• [Assigned task] Take the entries below and print only the lines from the one with "Angle Conversion/1 -> Abs/1, gamma/1" through the one with "3DOF (Body Axes)/5", exactly as they stand, both ends included.

• [Input material]
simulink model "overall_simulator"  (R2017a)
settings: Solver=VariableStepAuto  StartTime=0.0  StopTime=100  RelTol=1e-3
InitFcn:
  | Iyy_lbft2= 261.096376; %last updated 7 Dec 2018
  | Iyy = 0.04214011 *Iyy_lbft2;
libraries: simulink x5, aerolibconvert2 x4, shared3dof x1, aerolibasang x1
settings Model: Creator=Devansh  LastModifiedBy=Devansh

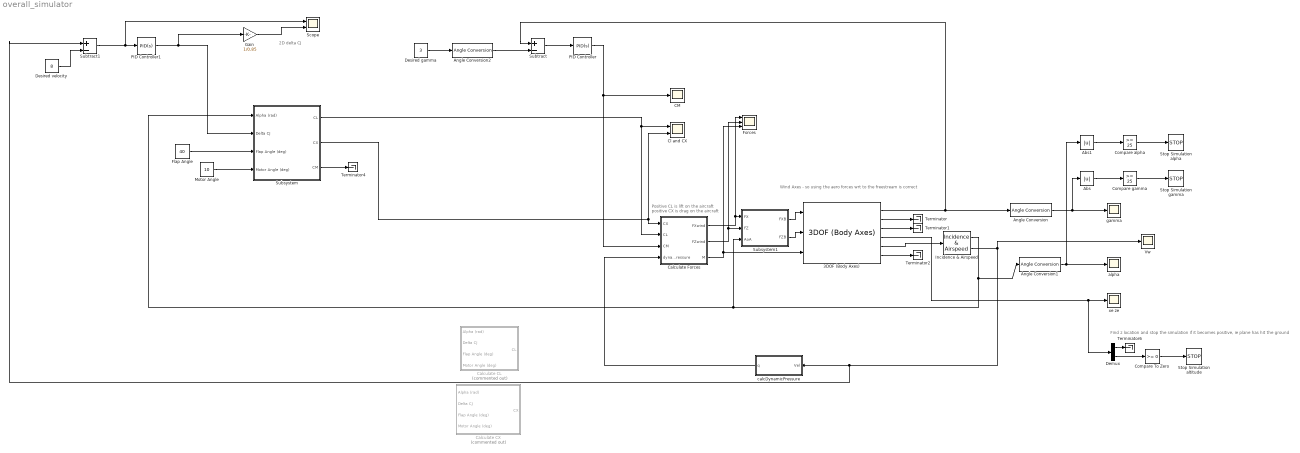
== system overall_simulator ==
  note: 2D delta CJ
  note: Positive CL is lift on the aircraft
      | positive CX is drag on the aircraft
  note: Find z location and stop the simulation if it becomes positive, ie plane has hit the ground
  note: Wind Axes - so using the aero forces wrt to the freestream is correct
  3DOF (Body Axes) : shared3dof/3DOF (Body Axes)  units=Metric (MKS)  mtype=Fixed  v_ini=5  theta_ini=-5*pi/180  alpha_ini=12*pi/180  q_ini=0  pos_ini=[0 -100]  mass=20  mass_e=0.5  mass_f=3.0  Iyy=Iyy  Iyy_e=0.5  Iyy_f=3.0  g_in=Internal  g=9.81  vre_flag=on  abi_flag=off
  Abs : Abs
  Abs1 : Abs
  Angle Conversion : aerolibconvert2/Angle Conversion  IU=rad  OU=deg
  Angle Conversion1 : aerolibconvert2/Angle Conversion  IU=rad  OU=deg
  Angle Conversion2 : aerolibconvert2/Angle Conversion  IU=deg  OU=rad
  CM : Scope
  Calculate CL : Subsystem  Commented=on
  Calculate CX : Subsystem  Commented=on
  Calculate Forces : Subsystem
  Cl and CX : Scope  NumInputPorts=2
  Compare To Zero : simulink/Logic and Bit Operations/Compare To Zero  relop=>=  OutDataTypeStr=boolean
  Compare alpha : simulink/Logic and Bit Operations/Compare To Constant  relop=>=  const=25  OutDataTypeStr=boolean
  Compare gamma : simulink/Logic and Bit Operations/Compare To Constant  relop=>=  const=25  OutDataTypeStr=boolean
  Demux : Demux  Outputs=2
  "Desired gamma " : Constant  Value=3
  Desired velocity : Constant  Value=8
  Flap Angle : Constant  Value=40
  Forces : Scope  NumInputPorts=3
  Gain : Gain  Gain=1/0.85
  Incidence & Airspeed : aerolibasang/Incidence  & Airspeed
      settings: SourceProductName=Aerospace Blockset  SourceProductBaseCode=AE
  Motor Angle : Constant  Value=10
  PID Controller : simulink/Continuous/PID Controller  Controller=PID  TimeDomain=Continuous-time  SampleTime=-1  IntegratorMethod=Forward Euler  FilterMethod=Forward Euler  Form=Parallel  UseFilter=on  ControllerParametersSource=internal  P=-0.01  I=0  D=-0.05  N=100  InitialConditionSource=internal  InitialConditionForIntegrator=0  InitialConditionForFilter=0  ExternalReset=none  LimitOutput=off  UpperSaturationLimit=0.1  LowerSaturationLimit=-0.1  LinearizeAsGain=off  AntiWindupMode=none  Kb=1  TrackingMode=off  Kt=1  PParamMin=[]  PParamMax=[]  IParamMin=[]  IParamMax=[]  DParamMin=[]  DParamMax=[]  NParamMin=[]  NParamMax=[]  KbParamMin=[]  KbParamMax=[]  KtParamMin=[]  KtParamMax=[]  POutMin=[]  POutMax=[]  IOutMin=[]  IOutMax=[]  DOutMin=[]  DOutMax=[]  NOutMin=[]  NOutMax=[]  KbOutMin=[]  KbOutMax=[]  KtOutMin=[]  KtOutMax=[]  IntegratorOutMin=[]  IntegratorOutMax=[]  FilterOutMin=[]  FilterOutMax=[]  SumOutMin=[]  SumOutMax=[]  SumI1OutMin=[]  SumI1OutMax=[]  SumI2OutMin=[]  SumI2OutMax=[]  SumI3OutMin=[]  SumI3OutMax=[]  SumDOutMin=[]  SumDOutMax=[]  SaturationOutMin=[]  SaturationOutMax=[]  IntegratorContinuousStateAttributes=''  IntegratorStateMustResolveToSignalObject=off  IntegratorRTWStateStorageClass=Auto  FilterContinuousStateAttributes=''  FilterStateMustResolveToSignalObject=off  FilterRTWStateStorageClass=Auto  DifferentiatorICPrevScaledInput=0  DifferentiatorOutMin=[]  DifferentiatorOutMax=[]  InitialConditionSetting=State (most efficient)
  PID Controller1 : simulink/Continuous/PID Controller  Controller=PID  TimeDomain=Continuous-time  SampleTime=-1  IntegratorMethod=Forward Euler  FilterMethod=Forward Euler  Form=Parallel  UseFilter=on  ControllerParametersSource=internal  P=-0.5  I=-2  D=0  N=100  InitialConditionSource=internal  InitialConditionForIntegrator=0  InitialConditionForFilter=0  ExternalReset=none  LimitOutput=on  UpperSaturationLimit=5  LowerSaturationLimit=0  LinearizeAsGain=off  AntiWindupMode=none  Kb=1  TrackingMode=off  Kt=1  PParamMin=[]  PParamMax=[]  IParamMin=[]  IParamMax=[]  DParamMin=[]  DParamMax=[]  NParamMin=[]  NParamMax=[]  KbParamMin=[]  KbParamMax=[]  KtParamMin=[]  KtParamMax=[]  POutMin=[]  POutMax=[]  IOutMin=[]  IOutMax=[]  DOutMin=[]  DOutMax=[]  NOutMin=[]  NOutMax=[]  KbOutMin=[]  KbOutMax=[]  KtOutMin=[]  KtOutMax=[]  IntegratorOutMin=[]  IntegratorOutMax=[]  FilterOutMin=[]  FilterOutMax=[]  SumOutMin=[]  SumOutMax=[]  SumI1OutMin=[]  SumI1OutMax=[]  SumI2OutMin=[]  SumI2OutMax=[]  SumI3OutMin=[]  SumI3OutMax=[]  SumDOutMin=[]  SumDOutMax=[]  SaturationOutMin=[]  SaturationOutMax=[]  IntegratorContinuousStateAttributes=''  IntegratorStateMustResolveToSignalObject=off  IntegratorRTWStateStorageClass=Auto  FilterContinuousStateAttributes=''  FilterStateMustResolveToSignalObject=off  FilterRTWStateStorageClass=Auto  DifferentiatorICPrevScaledInput=0  DifferentiatorOutMin=[]  DifferentiatorOutMax=[]  InitialConditionSetting=State (most efficient)
  Scope : Scope  NumInputPorts=2
  Stop Simulation alpha : Stop
  Stop Simulation altitude : Stop
  Stop Simulation gamma : Stop
  Subsystem : Subsystem
  Subsystem1 : Subsystem
  Subtract : Sum  Inputs=+|-
  Subtract1 : Sum  Inputs=+|-
  Terminator{,1..2,4,6} (5 alike) : Terminator
  Vw : Scope
  alpha : Scope
  calcDynamicPressure : Subsystem  TreatAsAtomicUnit=on
  gamma : Scope
  xe ze : Scope
  wires:
  3DOF (Body Axes)/4 -> xe ze/1, Demux/1
  Angle Conversion/1 -> Abs/1, gamma/1
  Angle Conversion1/1 -> alpha/1, Abs1/1
  Demux/2 -> Compare To Zero/1
  Compare To Zero/1 -> Stop Simulation altitude/1
  Incidence & Airspeed/2 -> Subtract1/1, calcDynamicPressure/1(Vel), Vw/1
  "Desired gamma "/1 -> Angle Conversion2/1
  Subtract/1 -> PID Controller/1
  Angle Conversion2/1 -> Subtract/2
  Subsystem/1(CL) -> Calculate Forces/2(CL), Cl and CX/1
  calcDynamicPressure/1(q) -> Calculate Forces/4(dynamicPressure)
  Calculate Forces/1(FXwind) -> Forces/1, Subsystem1/1(FX)
  Calculate Forces/2(FZwind) -> Forces/2, Subsystem1/2(FZ)
  Calculate Forces/3(M) -> 3DOF (Body Axes)/3, Forces/3
  3DOF (Body Axes)/2 -> Terminator/1
  3DOF (Body Axes)/3 -> Terminator1/1
  3DOF (Body Axes)/6 -> Terminator2/1
  Flap Angle/1 -> Subsystem/3(Flap Angle (deg))
  Subsystem/2(CX) -> Cl and CX/2, Calculate Forces/1(CX)
  Motor Angle/1 -> Subsystem/4(Motor Angle (deg))
  PID Controller1/1 -> Gain/1, Subsystem/2(Delta CJ)
  Compare gamma/1 -> Stop Simulation gamma/1
  Abs/1 -> Compare gamma/1
  Abs1/1 -> Compare alpha/1
  Incidence & Airspeed/1 -> Subsystem1/3(AoA), Subsystem/1(Alpha (rad)), Angle Conversion1/1
  Compare alpha/1 -> Stop Simulation alpha/1
  PID Controller/1 -> Calculate Forces/3(CM), CM/1
  Subsystem/3(CM) -> Terminator4/1
  Demux/1 -> Terminator6/1
  Subtract1/1 -> Scope/1, PID Controller1/1
  Desired velocity/1 -> Subtract1/2
  Gain/1 -> Scope/2
  3DOF (Body Axes)/5 -> Incidence & Airspeed/1
  Subsystem1/1(FXB) -> 3DOF (Body Axes)/1
  Subsystem1/2(FZB) -> 3DOF (Body Axes)/2
  3DOF (Body Axes)/1 -> Subtract/1, Angle Conversion/1

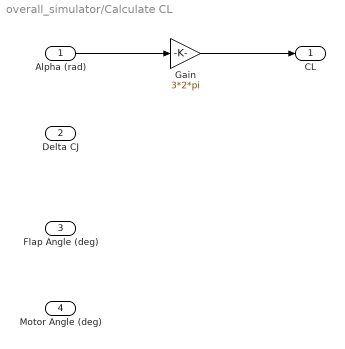
== system overall_simulator/Calculate CL ==
  Alpha (rad) : Inport
  Delta CJ : Inport  Port=2
  Flap Angle (deg) : Inport  Port=3
  Motor Angle (deg) : Inport  Port=4
  Gain : Gain  Gain=3*2*pi
  CL : Outport
  wires:
  Alpha (rad)/1 -> Gain/1
  Gain/1 -> CL/1

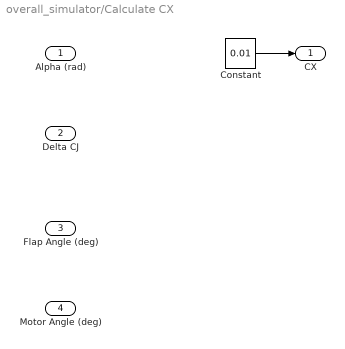
== system overall_simulator/Calculate CX ==
  Alpha (rad) : Inport
  Delta CJ : Inport  Port=2
  Flap Angle (deg) : Inport  Port=3
  Motor Angle (deg) : Inport  Port=4
  Constant : Constant  Value=0.01
  CX : Outport
  wires:
  Constant/1 -> CX/1

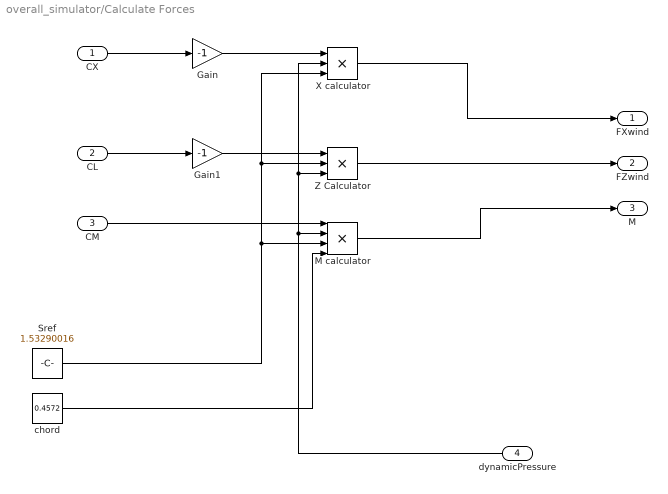
== system overall_simulator/Calculate Forces ==
  CX : Inport
  CL : Inport  Port=2
  CM : Inport  Port=3
  dynamicPressure : Inport  Port=4
  Gain : Gain  Gain=-1
  Gain1 : Gain  Gain=-1
  M calculator : Product  Inputs=4
  Sref : Constant  Value=1.53290016
  X calculator : Product  Inputs=3
  Z Calculator : Product  Inputs=3
  chord : Constant  Value=0.4572
  FXwind : Outport
  FZwind : Outport  Port=2
  M : Outport  Port=3
  wires:
  CM/1 -> M calculator/1
  M calculator/1 -> M/1
  chord/1 -> M calculator/4
  Sref/1 -> X calculator/3, Z Calculator/2, M calculator/3
  X calculator/1 -> FXwind/1
  dynamicPressure/1 -> X calculator/2, Z Calculator/3, M calculator/2
  Z Calculator/1 -> FZwind/1
  CX/1 -> Gain/1
  CL/1 -> Gain1/1
  Gain/1 -> X calculator/1
  Gain1/1 -> Z Calculator/1

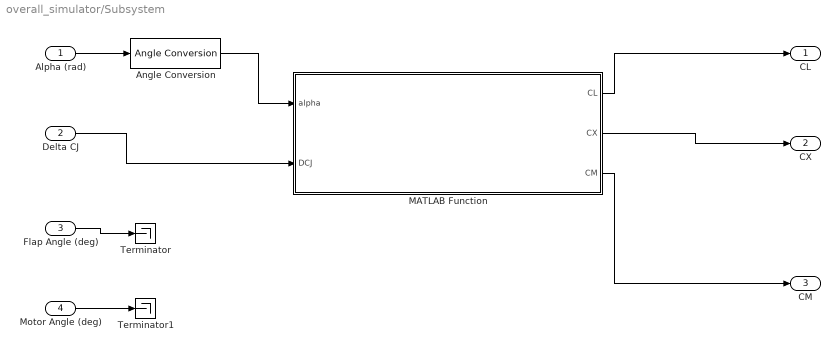
== system overall_simulator/Subsystem ==
  Alpha (rad) : Inport
  Delta CJ : Inport  Port=2
  Flap Angle (deg) : Inport  Port=3
  Motor Angle (deg) : Inport  Port=4
  Angle Conversion : aerolibconvert2/Angle Conversion  IU=rad  OU=deg
  MATLAB Function : MATLAB Function  TreatAsAtomicUnit=on
  Terminator : Terminator
  Terminator1 : Terminator
  CL : Outport
  CX : Outport  Port=2
  CM : Outport  Port=3
  wires:
  Delta CJ/1 -> MATLAB Function/2(DCJ)
  MATLAB Function/1(CL) -> CL/1
  MATLAB Function/2(CX) -> CX/1
  MATLAB Function/3(CM) -> CM/1
  Alpha (rad)/1 -> Angle Conversion/1
  Angle Conversion/1 -> MATLAB Function/1(alpha)
  Flap Angle (deg)/1 -> Terminator/1
  Motor Angle (deg)/1 -> Terminator1/1

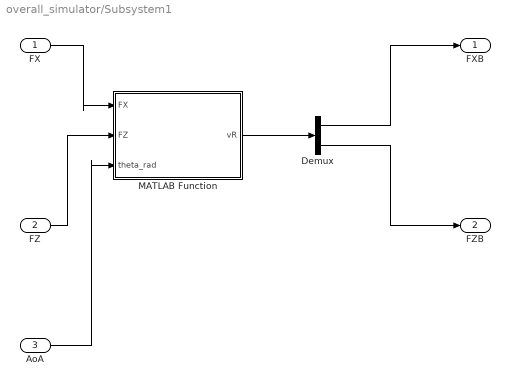
== system overall_simulator/Subsystem1 ==
  FX : Inport
  FZ : Inport  Port=2
  AoA : Inport  Port=3
  Demux : Demux  Outputs=2
  MATLAB Function : MATLAB Function  TreatAsAtomicUnit=on
  FXB : Outport
  FZB : Outport  Port=2
  wires:
  FX/1 -> MATLAB Function/1(FX)
  FZ/1 -> MATLAB Function/2(FZ)
  AoA/1 -> MATLAB Function/3(theta_rad)
  MATLAB Function/1(vR) -> Demux/1
  Demux/1 -> FXB/1
  Demux/2 -> FZB/1

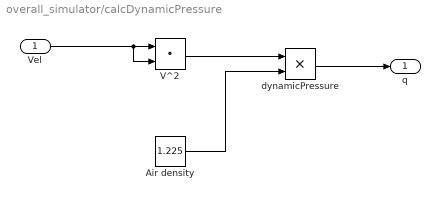
== system overall_simulator/calcDynamicPressure ==
  Vel : Inport
  Air density : Constant  Value=1.225
  V^2 : DotProduct  InputSameDT=on  OutDataTypeStr=Inherit: Inherit via internal rule
  dynamicPressure : Product
  q : Outport
  wires:
  V^2/1 -> dynamicPressure/1
  Air density/1 -> dynamicPressure/2
  Vel/1 -> V^2/2, V^2/1
  dynamicPressure/1 -> q/1

== matlab function overall_simulator/Subsystem1/MATLAB Function ==
  data: FX input; vR output; FZ input; theta_rad input
function vR = rotation(FX, FZ, theta_rad)

v = [FX; FZ];

 R = [cos(theta_rad) -sin(theta_rad); sin(theta_rad) cos(theta_rad)];
 
 vR = R*v;

== matlab function overall_simulator/Subsystem/MATLAB Function ==
  data: alpha input; CL output; DCJ input; CX output; CM output
function [CL,CX,CM] = getCLCXCM_for_df40(alpha, DCJ)

%% convert 3D Delta CJ to 2D

delta_cj=DCJ/0.85;

%% get coefficient matrix
%assumes delta f = 40;
deltaf = 40;

CL_coeffs =[1.34084802984238,0.0922989525732600,-0.000100934251419516,0,0;...
    0.840192956938716,0.0440183793695609,-2.84422877175519e-05,0,0];

CD_coeffs =[0.217559985374938,-0.0212488590862297,0.00119201327474585,0,0;...
    -0.717426345875555,0.0291623276576992,-9.19585265352026e-05,0,0];

CM_coeffs = [-0.209467748915995,0.000759426537477041,-1.11246051270488e-06,0,0;...
    -0.0980528447065869,-0.000645846214599032,7.76293222113931e-06,0,0];

%% get regression results

%get cl
X=[];
for i=0:size(CL_coeffs,1)-1
    X=[X (delta_cj.^i)];
end

cl=X*CL_coeffs(:,1)+alpha.*(X*CL_coeffs(:,2))+alpha.^3.*(X*CL_coeffs(:,3))+deltaf.*(X*CL_coeffs(:,4))+deltaf.^3.*(X*CL_coeffs(:,5));

%get cx
X=[];
for i=0:size(CD_coeffs,1)-1
    X=[X (delta_cj.^i)];
end
cx=X*CD_coeffs(:,1)+alpha.*(X*CD_coeffs(:,2))+alpha.^2.*(X*CD_coeffs(:,3))+deltaf.*(X*CD_coeffs(:,4))+deltaf.^2.*(X*CD_coeffs(:,5));

%get cm
X=[];
for i=0:size(CM_coeffs,1)-1
    X=[X (delta_cj.^i)];
end
cm=X*CM_coeffs(:,1)+alpha.*(X*CM_coeffs(:,2))+alpha.^3.*(X*CM_coeffs(:,3))+deltaf.*(X*CM_coeffs(:,4))+deltaf.^3.*(X*CM_coeffs(:,5));


%% convert to 3D params
AR = 7.5;

e=0.9;
CT=DCJ-1;
CDp=0.05; %profile drag of the rest of the aircraft

CL=0.9*cl;
CX=0.9*cx+CDp+CL.^2./(pi*AR*e+2*CT);
CM = cm;


end

• [Your response]
  Angle Conversion/1 -> Abs/1, gamma/1
  Angle Conversion1/1 -> alpha/1, Abs1/1
  Demux/2 -> Compare To Zero/1
  Compare To Zero/1 -> Stop Simulation altitude/1
  Incidence & Airspeed/2 -> Subtract1/1, calcDynamicPressure/1(Vel), Vw/1
  "Desired gamma "/1 -> Angle Conversion2/1
  Subtract/1 -> PID Controller/1
  Angle Conversion2/1 -> Subtract/2
  Subsystem/1(CL) -> Calculate Forces/2(CL), Cl and CX/1
  calcDynamicPressure/1(q) -> Calculate Forces/4(dynamicPressure)
  Calculate Forces/1(FXwind) -> Forces/1, Subsystem1/1(FX)
  Calculate Forces/2(FZwind) -> Forces/2, Subsystem1/2(FZ)
  Calculate Forces/3(M) -> 3DOF (Body Axes)/3, Forces/3
  3DOF (Body Axes)/2 -> Terminator/1
  3DOF (Body Axes)/3 -> Terminator1/1
  3DOF (Body Axes)/6 -> Terminator2/1
  Flap Angle/1 -> Subsystem/3(Flap Angle (deg))
  Subsystem/2(CX) -> Cl and CX/2, Calculate Forces/1(CX)
  Motor Angle/1 -> Subsystem/4(Motor Angle (deg))
  PID Controller1/1 -> Gain/1, Subsystem/2(Delta CJ)
  Compare gamma/1 -> Stop Simulation gamma/1
  Abs/1 -> Compare gamma/1
  Abs1/1 -> Compare alpha/1
  Incidence & Airspeed/1 -> Subsystem1/3(AoA), Subsystem/1(Alpha (rad)), Angle Conversion1/1
  Compare alpha/1 -> Stop Simulation alpha/1
  PID Controller/1 -> Calculate Forces/3(CM), CM/1
  Subsystem/3(CM) -> Terminator4/1
  Demux/1 -> Terminator6/1
  Subtract1/1 -> Scope/1, PID Controller1/1
  Desired velocity/1 -> Subtract1/2
  Gain/1 -> Scope/2
  3DOF (Body Axes)/5 -> Incidence & Airspeed/1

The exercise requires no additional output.